● INSTRUCTIONS FOR THE TASK: What follows is a set of entries. Give them again exactly, without the pictures.

[Dataset excerpts]
#####

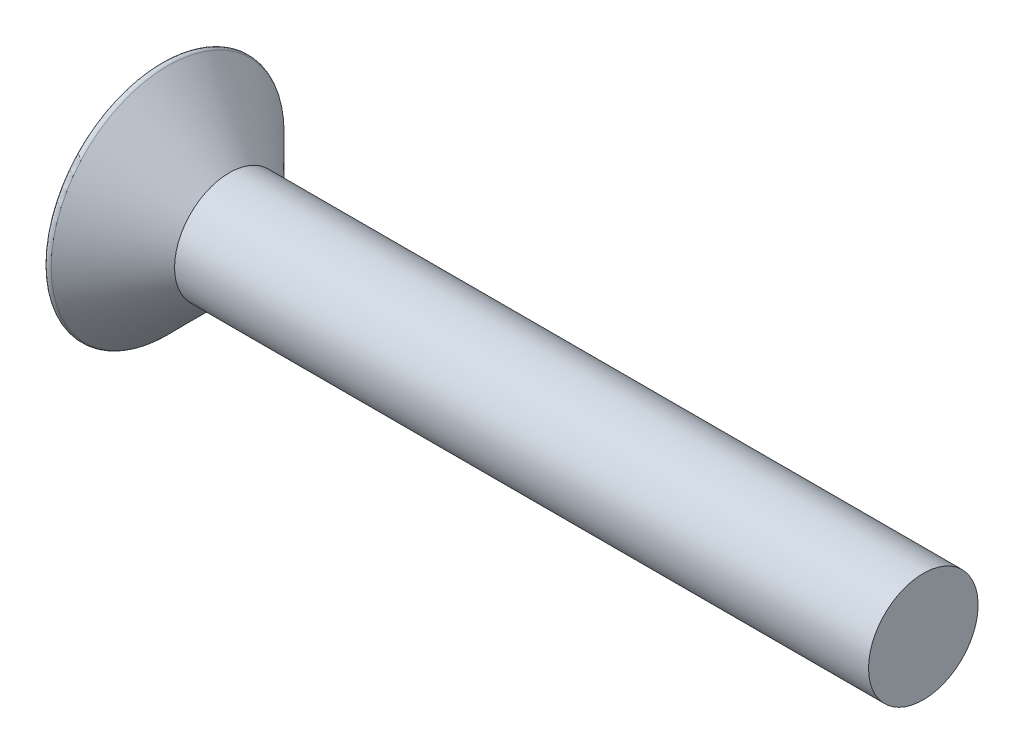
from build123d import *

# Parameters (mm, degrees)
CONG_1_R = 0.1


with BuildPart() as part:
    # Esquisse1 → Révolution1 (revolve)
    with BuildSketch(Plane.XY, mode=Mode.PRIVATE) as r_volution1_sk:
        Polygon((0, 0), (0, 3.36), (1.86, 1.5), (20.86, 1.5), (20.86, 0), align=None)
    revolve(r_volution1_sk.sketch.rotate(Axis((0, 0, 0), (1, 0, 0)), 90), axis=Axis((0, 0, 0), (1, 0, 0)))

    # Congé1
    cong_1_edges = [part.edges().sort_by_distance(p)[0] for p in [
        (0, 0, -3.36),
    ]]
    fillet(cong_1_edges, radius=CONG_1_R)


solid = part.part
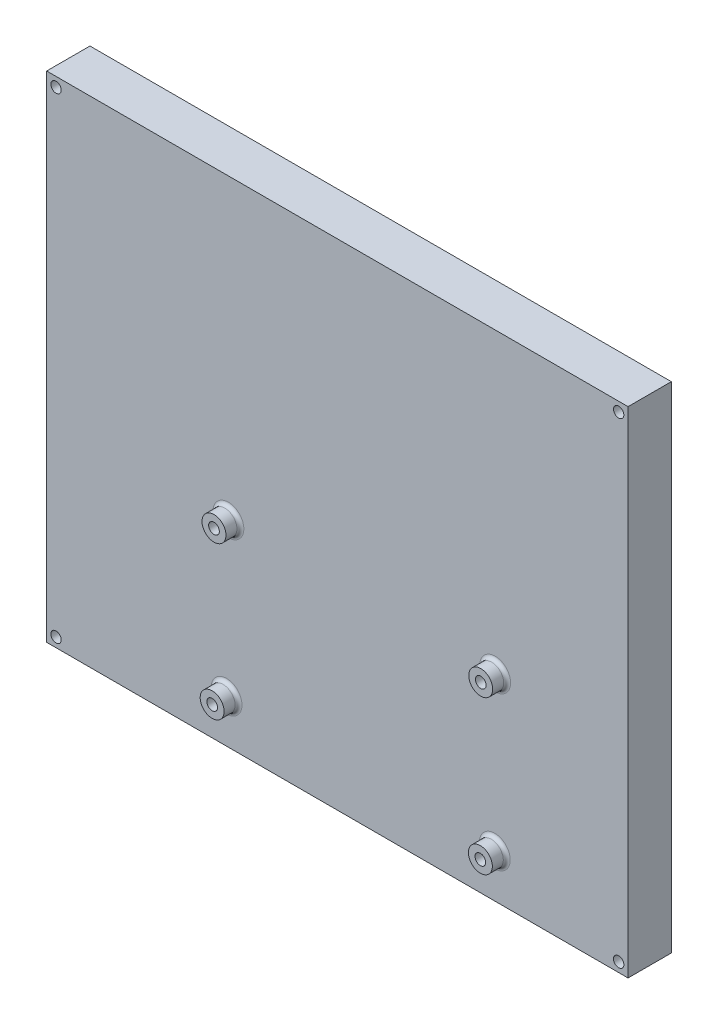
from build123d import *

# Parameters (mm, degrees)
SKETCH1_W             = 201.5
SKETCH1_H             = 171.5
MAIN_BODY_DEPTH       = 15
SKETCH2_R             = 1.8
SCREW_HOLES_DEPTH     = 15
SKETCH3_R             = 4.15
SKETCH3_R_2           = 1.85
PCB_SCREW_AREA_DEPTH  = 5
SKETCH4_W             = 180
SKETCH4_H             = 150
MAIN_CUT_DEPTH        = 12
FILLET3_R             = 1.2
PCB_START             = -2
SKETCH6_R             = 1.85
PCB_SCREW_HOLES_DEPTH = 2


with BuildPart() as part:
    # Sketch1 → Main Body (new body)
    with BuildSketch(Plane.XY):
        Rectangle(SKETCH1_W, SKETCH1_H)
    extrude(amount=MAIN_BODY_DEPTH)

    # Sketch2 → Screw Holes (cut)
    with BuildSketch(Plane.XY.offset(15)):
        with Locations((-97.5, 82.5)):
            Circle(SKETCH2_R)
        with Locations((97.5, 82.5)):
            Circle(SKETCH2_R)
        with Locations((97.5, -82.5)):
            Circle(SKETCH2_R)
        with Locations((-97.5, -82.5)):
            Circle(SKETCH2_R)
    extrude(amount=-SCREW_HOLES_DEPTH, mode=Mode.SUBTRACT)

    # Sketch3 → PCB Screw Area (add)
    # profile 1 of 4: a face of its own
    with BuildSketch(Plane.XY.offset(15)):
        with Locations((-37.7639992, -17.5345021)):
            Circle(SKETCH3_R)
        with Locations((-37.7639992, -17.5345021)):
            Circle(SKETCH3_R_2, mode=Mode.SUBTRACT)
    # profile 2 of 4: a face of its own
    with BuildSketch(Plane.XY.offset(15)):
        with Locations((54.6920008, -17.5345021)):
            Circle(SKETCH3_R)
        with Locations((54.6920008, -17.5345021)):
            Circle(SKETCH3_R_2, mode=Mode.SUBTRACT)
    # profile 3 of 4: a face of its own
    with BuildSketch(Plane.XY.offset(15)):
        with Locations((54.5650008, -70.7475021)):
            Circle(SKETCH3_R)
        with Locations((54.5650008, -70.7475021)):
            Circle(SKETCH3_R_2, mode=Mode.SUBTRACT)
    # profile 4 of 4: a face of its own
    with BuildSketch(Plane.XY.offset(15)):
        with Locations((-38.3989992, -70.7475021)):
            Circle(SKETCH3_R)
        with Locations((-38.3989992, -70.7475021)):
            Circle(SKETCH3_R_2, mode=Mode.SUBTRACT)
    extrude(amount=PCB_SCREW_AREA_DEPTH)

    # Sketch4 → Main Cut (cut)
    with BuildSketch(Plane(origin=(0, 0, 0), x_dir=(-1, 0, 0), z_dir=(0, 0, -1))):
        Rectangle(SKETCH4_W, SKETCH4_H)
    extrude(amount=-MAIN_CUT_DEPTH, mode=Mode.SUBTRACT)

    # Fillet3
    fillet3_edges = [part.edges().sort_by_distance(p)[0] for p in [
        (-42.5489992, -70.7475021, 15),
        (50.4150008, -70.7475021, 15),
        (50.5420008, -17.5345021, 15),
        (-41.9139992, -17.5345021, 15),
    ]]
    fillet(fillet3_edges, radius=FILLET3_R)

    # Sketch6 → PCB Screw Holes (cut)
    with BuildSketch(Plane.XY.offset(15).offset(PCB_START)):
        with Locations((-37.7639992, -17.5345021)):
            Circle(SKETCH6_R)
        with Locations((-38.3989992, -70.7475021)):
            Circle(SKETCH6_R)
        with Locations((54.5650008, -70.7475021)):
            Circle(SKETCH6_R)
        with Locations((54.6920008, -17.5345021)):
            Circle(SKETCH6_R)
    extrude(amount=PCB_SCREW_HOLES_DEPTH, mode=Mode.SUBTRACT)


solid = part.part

#####

● EXERCISE RESPONSE:
from build123d import *

# Parameters (mm, degrees)
CONG_1_R = 0.1


with BuildPart() as part:
    # Esquisse1 → Révolution1 (revolve)
    with BuildSketch(Plane.XY, mode=Mode.PRIVATE) as r_volution1_sk:
        Polygon((0, 0), (0, 3.36), (1.86, 1.5), (20.86, 1.5), (20.86, 0), align=None)
    revolve(r_volution1_sk.sketch.rotate(Axis((0, 0, 0), (1, 0, 0)), 90), axis=Axis((0, 0, 0), (1, 0, 0)))

    # Congé1
    cong_1_edges = [part.edges().sort_by_distance(p)[0] for p in [
        (0, 0, -3.36),
    ]]
    fillet(cong_1_edges, radius=CONG_1_R)


solid = part.part
from build123d import *

# Parameters (mm, degrees)
SKETCH1_W             = 201.5
SKETCH1_H             = 171.5
MAIN_BODY_DEPTH       = 15
SKETCH2_R             = 1.8
SCREW_HOLES_DEPTH     = 15
SKETCH3_R             = 4.15
SKETCH3_R_2           = 1.85
PCB_SCREW_AREA_DEPTH  = 5
SKETCH4_W             = 180
SKETCH4_H             = 150
MAIN_CUT_DEPTH        = 12
FILLET3_R             = 1.2
PCB_START             = -2
SKETCH6_R             = 1.85
PCB_SCREW_HOLES_DEPTH = 2


with BuildPart() as part:
    # Sketch1 → Main Body (new body)
    with BuildSketch(Plane.XY):
        Rectangle(SKETCH1_W, SKETCH1_H)
    extrude(amount=MAIN_BODY_DEPTH)

    # Sketch2 → Screw Holes (cut)
    with BuildSketch(Plane.XY.offset(15)):
        with Locations((-97.5, 82.5)):
            Circle(SKETCH2_R)
        with Locations((97.5, 82.5)):
            Circle(SKETCH2_R)
        with Locations((97.5, -82.5)):
            Circle(SKETCH2_R)
        with Locations((-97.5, -82.5)):
            Circle(SKETCH2_R)
    extrude(amount=-SCREW_HOLES_DEPTH, mode=Mode.SUBTRACT)

    # Sketch3 → PCB Screw Area (add)
    # profile 1 of 4: a face of its own
    with BuildSketch(Plane.XY.offset(15)):
        with Locations((-37.7639992, -17.5345021)):
            Circle(SKETCH3_R)
        with Locations((-37.7639992, -17.5345021)):
            Circle(SKETCH3_R_2, mode=Mode.SUBTRACT)
    # profile 2 of 4: a face of its own
    with BuildSketch(Plane.XY.offset(15)):
        with Locations((54.6920008, -17.5345021)):
            Circle(SKETCH3_R)
        with Locations((54.6920008, -17.5345021)):
            Circle(SKETCH3_R_2, mode=Mode.SUBTRACT)
    # profile 3 of 4: a face of its own
    with BuildSketch(Plane.XY.offset(15)):
        with Locations((54.5650008, -70.7475021)):
            Circle(SKETCH3_R)
        with Locations((54.5650008, -70.7475021)):
            Circle(SKETCH3_R_2, mode=Mode.SUBTRACT)
    # profile 4 of 4: a face of its own
    with BuildSketch(Plane.XY.offset(15)):
        with Locations((-38.3989992, -70.7475021)):
            Circle(SKETCH3_R)
        with Locations((-38.3989992, -70.7475021)):
            Circle(SKETCH3_R_2, mode=Mode.SUBTRACT)
    extrude(amount=PCB_SCREW_AREA_DEPTH)

    # Sketch4 → Main Cut (cut)
    with BuildSketch(Plane(origin=(0, 0, 0), x_dir=(-1, 0, 0), z_dir=(0, 0, -1))):
        Rectangle(SKETCH4_W, SKETCH4_H)
    extrude(amount=-MAIN_CUT_DEPTH, mode=Mode.SUBTRACT)

    # Fillet3
    fillet3_edges = [part.edges().sort_by_distance(p)[0] for p in [
        (-42.5489992, -70.7475021, 15),
        (50.4150008, -70.7475021, 15),
        (50.5420008, -17.5345021, 15),
        (-41.9139992, -17.5345021, 15),
    ]]
    fillet(fillet3_edges, radius=FILLET3_R)

    # Sketch6 → PCB Screw Holes (cut)
    with BuildSketch(Plane.XY.offset(15).offset(PCB_START)):
        with Locations((-37.7639992, -17.5345021)):
            Circle(SKETCH6_R)
        with Locations((-38.3989992, -70.7475021)):
            Circle(SKETCH6_R)
        with Locations((54.5650008, -70.7475021)):
            Circle(SKETCH6_R)
        with Locations((54.6920008, -17.5345021)):
            Circle(SKETCH6_R)
    extrude(amount=PCB_SCREW_HOLES_DEPTH, mode=Mode.SUBTRACT)


solid = part.part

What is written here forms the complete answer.